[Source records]
-*-*-
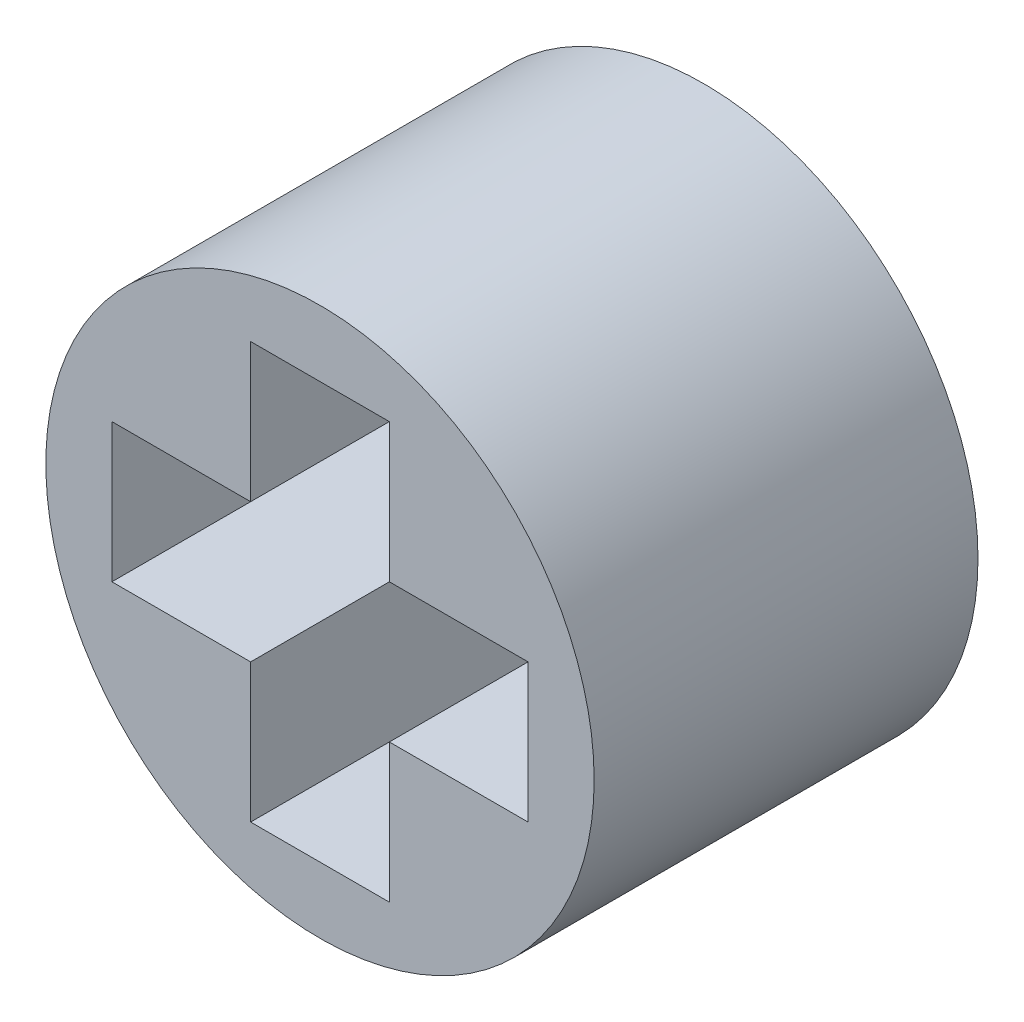
ISO-10303-21;
HEADER;
FILE_DESCRIPTION(('STEP AP214'),'2;1');
FILE_NAME('part.step','',(''),(''),'','','');
FILE_SCHEMA(('AUTOMOTIVE_DESIGN { 1 0 10303 214 1 1 1 1 }'));
ENDSEC;
DATA;
#1=APPLICATION_CONTEXT('core data for automotive mechanical design processes');
#2=APPLICATION_PROTOCOL_DEFINITION('international standard','automotive_design',2000,#1);
#3=PRODUCT_CONTEXT('',#1,'mechanical');
#4=PRODUCT('Part','Part','',(#3));
#5=PRODUCT_RELATED_PRODUCT_CATEGORY('part','',(#4));
#6=PRODUCT_DEFINITION_FORMATION('','',#4);
#7=PRODUCT_DEFINITION_CONTEXT('part definition',#1,'design');
#8=PRODUCT_DEFINITION('design','',#6,#7);
#9=PRODUCT_DEFINITION_SHAPE('','',#8);
#10=(LENGTH_UNIT() NAMED_UNIT(*) SI_UNIT(.MILLI.,.METRE.));
#11=(NAMED_UNIT(*) PLANE_ANGLE_UNIT() SI_UNIT($,.RADIAN.));
#12=(NAMED_UNIT(*) SI_UNIT($,.STERADIAN.) SOLID_ANGLE_UNIT());
#13=UNCERTAINTY_MEASURE_WITH_UNIT(LENGTH_MEASURE(1.E-05),#10,'distance_accuracy_value','');
#14=(GEOMETRIC_REPRESENTATION_CONTEXT(3) GLOBAL_UNCERTAINTY_ASSIGNED_CONTEXT((#13)) GLOBAL_UNIT_ASSIGNED_CONTEXT((#10,
#11,#12)) REPRESENTATION_CONTEXT('',''));
#15=CARTESIAN_POINT('',(0.,0.,0.));
#16=DIRECTION('',(0.,0.,1.));
#17=DIRECTION('',(1.,0.,0.));
#18=AXIS2_PLACEMENT_3D('',#15,#16,#17);
#19=CARTESIAN_POINT('',(0.,0.,7.));
#20=DIRECTION('',(0.,0.,1.));
#21=DIRECTION('',(1.,0.,0.));
#22=AXIS2_PLACEMENT_3D('',#19,#20,#21);
#23=PLANE('',#22);
#24=CARTESIAN_POINT('',(0.,0.,7.));
#25=DIRECTION('',(0.,0.,1.));
#26=DIRECTION('',(1.,0.,0.));
#27=AXIS2_PLACEMENT_3D('',#24,#25,#26);
#28=CIRCLE('',#27,5.);
#29=CARTESIAN_POINT('',(5.,0.,7.));
#30=VERTEX_POINT('',#29);
#31=EDGE_CURVE('E11',#30,#30,#28,.T.);
#32=ORIENTED_EDGE('',*,*,#31,.T.);
#33=EDGE_LOOP('',(#32));
#34=FACE_BOUND('',#33,.T.);
#35=DIRECTION('',(0.,-1.,0.));
#36=VECTOR('',#35,1.);
#37=CARTESIAN_POINT('',(-1.26491106406735,-3.79473319220206,7.));
#38=LINE('',#37,#36);
#39=CARTESIAN_POINT('',(-1.26491106406735,-1.26491106406735,7.));
#40=VERTEX_POINT('',#39);
#41=CARTESIAN_POINT('',(-1.26491106406735,-3.79473319220206,7.));
#42=VERTEX_POINT('',#41);
#43=EDGE_CURVE('E130',#40,#42,#38,.T.);
#44=ORIENTED_EDGE('',*,*,#43,.F.);
#45=DIRECTION('',(1.,0.,0.));
#46=VECTOR('',#45,1.);
#47=CARTESIAN_POINT('',(-1.26491106406735,-1.26491106406735,7.));
#48=LINE('',#47,#46);
#49=CARTESIAN_POINT('',(-3.79473319220205,-1.26491106406735,7.));
#50=VERTEX_POINT('',#49);
#51=EDGE_CURVE('E122',#50,#40,#48,.T.);
#52=ORIENTED_EDGE('',*,*,#51,.F.);
#53=DIRECTION('',(0.,-1.,0.));
#54=VECTOR('',#53,1.);
#55=CARTESIAN_POINT('',(-3.79473319220205,1.26491106406735,7.));
#56=LINE('',#55,#54);
#57=CARTESIAN_POINT('',(-3.79473319220205,1.26491106406735,7.));
#58=VERTEX_POINT('',#57);
#59=EDGE_CURVE('E162',#58,#50,#56,.T.);
#60=ORIENTED_EDGE('',*,*,#59,.F.);
#61=DIRECTION('',(-1.,0.,0.));
#62=VECTOR('',#61,1.);
#63=CARTESIAN_POINT('',(-3.79473319220205,1.26491106406735,7.));
#64=LINE('',#63,#62);
#65=CARTESIAN_POINT('',(-1.26491106406735,1.26491106406735,7.));
#66=VERTEX_POINT('',#65);
#67=EDGE_CURVE('E160',#66,#58,#64,.T.);
#68=ORIENTED_EDGE('',*,*,#67,.F.);
#69=DIRECTION('',(0.,-1.,0.));
#70=VECTOR('',#69,1.);
#71=CARTESIAN_POINT('',(-1.26491106406735,1.26491106406735,7.));
#72=LINE('',#71,#70);
#73=CARTESIAN_POINT('',(-1.26491106406735,3.79473319220206,7.));
#74=VERTEX_POINT('',#73);
#75=EDGE_CURVE('E158',#74,#66,#72,.T.);
#76=ORIENTED_EDGE('',*,*,#75,.F.);
#77=DIRECTION('',(-1.,0.,0.));
#78=VECTOR('',#77,1.);
#79=CARTESIAN_POINT('',(-1.26491106406735,3.79473319220206,7.));
#80=LINE('',#79,#78);
#81=CARTESIAN_POINT('',(1.26491106406735,3.79473319220206,7.));
#82=VERTEX_POINT('',#81);
#83=EDGE_CURVE('E156',#82,#74,#80,.T.);
#84=ORIENTED_EDGE('',*,*,#83,.F.);
#85=DIRECTION('',(0.,1.,0.));
#86=VECTOR('',#85,1.);
#87=CARTESIAN_POINT('',(1.26491106406735,3.79473319220206,7.));
#88=LINE('',#87,#86);
#89=CARTESIAN_POINT('',(1.26491106406735,1.26491106406735,7.));
#90=VERTEX_POINT('',#89);
#91=EDGE_CURVE('E154',#90,#82,#88,.T.);
#92=ORIENTED_EDGE('',*,*,#91,.F.);
#93=DIRECTION('',(-1.,0.,0.));
#94=VECTOR('',#93,1.);
#95=CARTESIAN_POINT('',(1.26491106406735,1.26491106406735,7.));
#96=LINE('',#95,#94);
#97=CARTESIAN_POINT('',(3.79473319220205,1.26491106406735,7.));
#98=VERTEX_POINT('',#97);
#99=EDGE_CURVE('E152',#98,#90,#96,.T.);
#100=ORIENTED_EDGE('',*,*,#99,.F.);
#101=DIRECTION('',(0.,1.,0.));
#102=VECTOR('',#101,1.);
#103=CARTESIAN_POINT('',(3.79473319220205,1.26491106406735,7.));
#104=LINE('',#103,#102);
#105=CARTESIAN_POINT('',(3.79473319220205,-1.26491106406735,7.));
#106=VERTEX_POINT('',#105);
#107=EDGE_CURVE('E150',#106,#98,#104,.T.);
#108=ORIENTED_EDGE('',*,*,#107,.F.);
#109=DIRECTION('',(1.,0.,0.));
#110=VECTOR('',#109,1.);
#111=CARTESIAN_POINT('',(3.79473319220205,-1.26491106406735,7.));
#112=LINE('',#111,#110);
#113=CARTESIAN_POINT('',(1.26491106406735,-1.26491106406735,7.));
#114=VERTEX_POINT('',#113);
#115=EDGE_CURVE('E148',#114,#106,#112,.T.);
#116=ORIENTED_EDGE('',*,*,#115,.F.);
#117=DIRECTION('',(0.,1.,0.));
#118=VECTOR('',#117,1.);
#119=CARTESIAN_POINT('',(1.26491106406735,-1.26491106406735,7.));
#120=LINE('',#119,#118);
#121=CARTESIAN_POINT('',(1.26491106406735,-3.79473319220206,7.));
#122=VERTEX_POINT('',#121);
#123=EDGE_CURVE('E144',#122,#114,#120,.T.);
#124=ORIENTED_EDGE('',*,*,#123,.F.);
#125=DIRECTION('',(1.,0.,0.));
#126=VECTOR('',#125,1.);
#127=CARTESIAN_POINT('',(1.26491106406735,-3.79473319220206,7.));
#128=LINE('',#127,#126);
#129=EDGE_CURVE('E142',#42,#122,#128,.T.);
#130=ORIENTED_EDGE('',*,*,#129,.F.);
#131=EDGE_LOOP('',(#44,#52,#60,#68,#76,#84,#92,#100,#108,#116,#124,#130));
#132=FACE_BOUND('',#131,.T.);
#133=ADVANCED_FACE('F33',(#34,#132),#23,.T.);
#134=CARTESIAN_POINT('',(0.,0.,0.));
#135=DIRECTION('',(0.,0.,1.));
#136=DIRECTION('',(1.,0.,0.));
#137=AXIS2_PLACEMENT_3D('',#134,#135,#136);
#138=PLANE('',#137);
#139=CARTESIAN_POINT('',(0.,0.,0.));
#140=DIRECTION('',(0.,0.,1.));
#141=DIRECTION('',(1.,0.,0.));
#142=AXIS2_PLACEMENT_3D('',#139,#140,#141);
#143=CIRCLE('',#142,5.);
#144=CARTESIAN_POINT('',(5.,0.,0.));
#145=VERTEX_POINT('',#144);
#146=EDGE_CURVE('E37',#145,#145,#143,.T.);
#147=ORIENTED_EDGE('',*,*,#146,.F.);
#148=EDGE_LOOP('',(#147));
#149=FACE_BOUND('',#148,.T.);
#150=DIRECTION('',(1.,0.,0.));
#151=VECTOR('',#150,1.);
#152=CARTESIAN_POINT('',(-1.26491106406735,-1.26491106406735,0.));
#153=LINE('',#152,#151);
#154=CARTESIAN_POINT('',(-3.79473319220205,-1.26491106406735,0.));
#155=VERTEX_POINT('',#154);
#156=CARTESIAN_POINT('',(-1.26491106406735,-1.26491106406735,0.));
#157=VERTEX_POINT('',#156);
#158=EDGE_CURVE('E56',#155,#157,#153,.T.);
#159=ORIENTED_EDGE('',*,*,#158,.T.);
#160=DIRECTION('',(0.,-1.,0.));
#161=VECTOR('',#160,1.);
#162=CARTESIAN_POINT('',(-1.26491106406735,-3.79473319220206,0.));
#163=LINE('',#162,#161);
#164=CARTESIAN_POINT('',(-1.26491106406735,-3.79473319220206,0.));
#165=VERTEX_POINT('',#164);
#166=EDGE_CURVE('E137',#157,#165,#163,.T.);
#167=ORIENTED_EDGE('',*,*,#166,.T.);
#168=DIRECTION('',(1.,0.,0.));
#169=VECTOR('',#168,1.);
#170=CARTESIAN_POINT('',(1.26491106406735,-3.79473319220206,0.));
#171=LINE('',#170,#169);
#172=CARTESIAN_POINT('',(1.26491106406735,-3.79473319220206,0.));
#173=VERTEX_POINT('',#172);
#174=EDGE_CURVE('E166',#165,#173,#171,.T.);
#175=ORIENTED_EDGE('',*,*,#174,.T.);
#176=DIRECTION('',(0.,1.,0.));
#177=VECTOR('',#176,1.);
#178=CARTESIAN_POINT('',(1.26491106406735,-1.26491106406735,0.));
#179=LINE('',#178,#177);
#180=CARTESIAN_POINT('',(1.26491106406735,-1.26491106406735,0.));
#181=VERTEX_POINT('',#180);
#182=EDGE_CURVE('E169',#173,#181,#179,.T.);
#183=ORIENTED_EDGE('',*,*,#182,.T.);
#184=DIRECTION('',(1.,0.,0.));
#185=VECTOR('',#184,1.);
#186=CARTESIAN_POINT('',(3.79473319220205,-1.26491106406735,0.));
#187=LINE('',#186,#185);
#188=CARTESIAN_POINT('',(3.79473319220205,-1.26491106406735,0.));
#189=VERTEX_POINT('',#188);
#190=EDGE_CURVE('E172',#181,#189,#187,.T.);
#191=ORIENTED_EDGE('',*,*,#190,.T.);
#192=DIRECTION('',(0.,1.,0.));
#193=VECTOR('',#192,1.);
#194=CARTESIAN_POINT('',(3.79473319220205,1.26491106406735,0.));
#195=LINE('',#194,#193);
#196=CARTESIAN_POINT('',(3.79473319220205,1.26491106406735,0.));
#197=VERTEX_POINT('',#196);
#198=EDGE_CURVE('E175',#189,#197,#195,.T.);
#199=ORIENTED_EDGE('',*,*,#198,.T.);
#200=DIRECTION('',(-1.,0.,0.));
#201=VECTOR('',#200,1.);
#202=CARTESIAN_POINT('',(1.26491106406735,1.26491106406735,0.));
#203=LINE('',#202,#201);
#204=CARTESIAN_POINT('',(1.26491106406735,1.26491106406735,0.));
#205=VERTEX_POINT('',#204);
#206=EDGE_CURVE('E178',#197,#205,#203,.T.);
#207=ORIENTED_EDGE('',*,*,#206,.T.);
#208=DIRECTION('',(0.,1.,0.));
#209=VECTOR('',#208,1.);
#210=CARTESIAN_POINT('',(1.26491106406735,3.79473319220206,0.));
#211=LINE('',#210,#209);
#212=CARTESIAN_POINT('',(1.26491106406735,3.79473319220206,0.));
#213=VERTEX_POINT('',#212);
#214=EDGE_CURVE('E181',#205,#213,#211,.T.);
#215=ORIENTED_EDGE('',*,*,#214,.T.);
#216=DIRECTION('',(-1.,0.,0.));
#217=VECTOR('',#216,1.);
#218=CARTESIAN_POINT('',(-1.26491106406735,3.79473319220206,0.));
#219=LINE('',#218,#217);
#220=CARTESIAN_POINT('',(-1.26491106406735,3.79473319220206,0.));
#221=VERTEX_POINT('',#220);
#222=EDGE_CURVE('E184',#213,#221,#219,.T.);
#223=ORIENTED_EDGE('',*,*,#222,.T.);
#224=DIRECTION('',(0.,-1.,0.));
#225=VECTOR('',#224,1.);
#226=CARTESIAN_POINT('',(-1.26491106406735,1.26491106406735,0.));
#227=LINE('',#226,#225);
#228=CARTESIAN_POINT('',(-1.26491106406735,1.26491106406735,0.));
#229=VERTEX_POINT('',#228);
#230=EDGE_CURVE('E187',#221,#229,#227,.T.);
#231=ORIENTED_EDGE('',*,*,#230,.T.);
#232=DIRECTION('',(-1.,0.,0.));
#233=VECTOR('',#232,1.);
#234=CARTESIAN_POINT('',(-3.79473319220205,1.26491106406735,0.));
#235=LINE('',#234,#233);
#236=CARTESIAN_POINT('',(-3.79473319220205,1.26491106406735,0.));
#237=VERTEX_POINT('',#236);
#238=EDGE_CURVE('E190',#229,#237,#235,.T.);
#239=ORIENTED_EDGE('',*,*,#238,.T.);
#240=DIRECTION('',(0.,-1.,0.));
#241=VECTOR('',#240,1.);
#242=CARTESIAN_POINT('',(-3.79473319220205,1.26491106406735,0.));
#243=LINE('',#242,#241);
#244=EDGE_CURVE('E131',#237,#155,#243,.T.);
#245=ORIENTED_EDGE('',*,*,#244,.T.);
#246=EDGE_LOOP('',(#159,#167,#175,#183,#191,#199,#207,#215,#223,#231,#239,#245));
#247=FACE_BOUND('',#246,.T.);
#248=ADVANCED_FACE('F219',(#149,#247),#138,.F.);
#249=CARTESIAN_POINT('',(0.,0.,7.));
#250=DIRECTION('',(0.,0.,-1.));
#251=DIRECTION('',(-1.,0.,0.));
#252=AXIS2_PLACEMENT_3D('',#249,#250,#251);
#253=CYLINDRICAL_SURFACE('',#252,5.);
#254=ORIENTED_EDGE('',*,*,#31,.F.);
#255=EDGE_LOOP('',(#254));
#256=FACE_BOUND('',#255,.T.);
#257=ORIENTED_EDGE('',*,*,#146,.T.);
#258=EDGE_LOOP('',(#257));
#259=FACE_BOUND('',#258,.T.);
#260=ADVANCED_FACE('F35',(#256,#259),#253,.T.);
#261=CARTESIAN_POINT('',(-1.26491106406735,-1.26491106406735,7.));
#262=DIRECTION('',(0.,1.,0.));
#263=DIRECTION('',(0.,0.,1.));
#264=AXIS2_PLACEMENT_3D('',#261,#262,#263);
#265=PLANE('',#264);
#266=ORIENTED_EDGE('',*,*,#158,.F.);
#267=DIRECTION('',(0.,0.,-1.));
#268=VECTOR('',#267,1.);
#269=CARTESIAN_POINT('',(-3.79473319220205,-1.26491106406735,7.));
#270=LINE('',#269,#268);
#271=EDGE_CURVE('E126',#50,#155,#270,.T.);
#272=ORIENTED_EDGE('',*,*,#271,.F.);
#273=ORIENTED_EDGE('',*,*,#51,.T.);
#274=DIRECTION('',(0.,0.,-1.));
#275=VECTOR('',#274,1.);
#276=CARTESIAN_POINT('',(-1.26491106406735,-1.26491106406735,7.));
#277=LINE('',#276,#275);
#278=EDGE_CURVE('E125',#40,#157,#277,.T.);
#279=ORIENTED_EDGE('',*,*,#278,.T.);
#280=EDGE_LOOP('',(#266,#272,#273,#279));
#281=FACE_BOUND('',#280,.T.);
#282=ADVANCED_FACE('F124',(#281),#265,.T.);
#283=CARTESIAN_POINT('',(-1.26491106406735,-3.79473319220206,7.));
#284=DIRECTION('',(1.,0.,0.));
#285=DIRECTION('',(0.,0.,-1.));
#286=AXIS2_PLACEMENT_3D('',#283,#284,#285);
#287=PLANE('',#286);
#288=ORIENTED_EDGE('',*,*,#166,.F.);
#289=ORIENTED_EDGE('',*,*,#278,.F.);
#290=ORIENTED_EDGE('',*,*,#43,.T.);
#291=DIRECTION('',(0.,0.,-1.));
#292=VECTOR('',#291,1.);
#293=CARTESIAN_POINT('',(-1.26491106406735,-3.79473319220206,7.));
#294=LINE('',#293,#292);
#295=EDGE_CURVE('E138',#42,#165,#294,.T.);
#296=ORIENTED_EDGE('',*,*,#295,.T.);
-*-*-
*PROBLEM REQUIREMENTS*
Copy only this part of the entries above: the line with "0 10303 214", the line with "#5=PRODUCT_RELATED_PRODUCT_CATEGORY('part','',(#4));", and the lines between, all exactly as written.

*TASK RESULT*
FILE_SCHEMA(('AUTOMOTIVE_DESIGN { 1 0 10303 214 1 1 1 1 }'));
ENDSEC;
DATA;
#1=APPLICATION_CONTEXT('core data for automotive mechanical design processes');
#2=APPLICATION_PROTOCOL_DEFINITION('international standard','automotive_design',2000,#1);
#3=PRODUCT_CONTEXT('',#1,'mechanical');
#4=PRODUCT('Part','Part','',(#3));
#5=PRODUCT_RELATED_PRODUCT_CATEGORY('part','',(#4));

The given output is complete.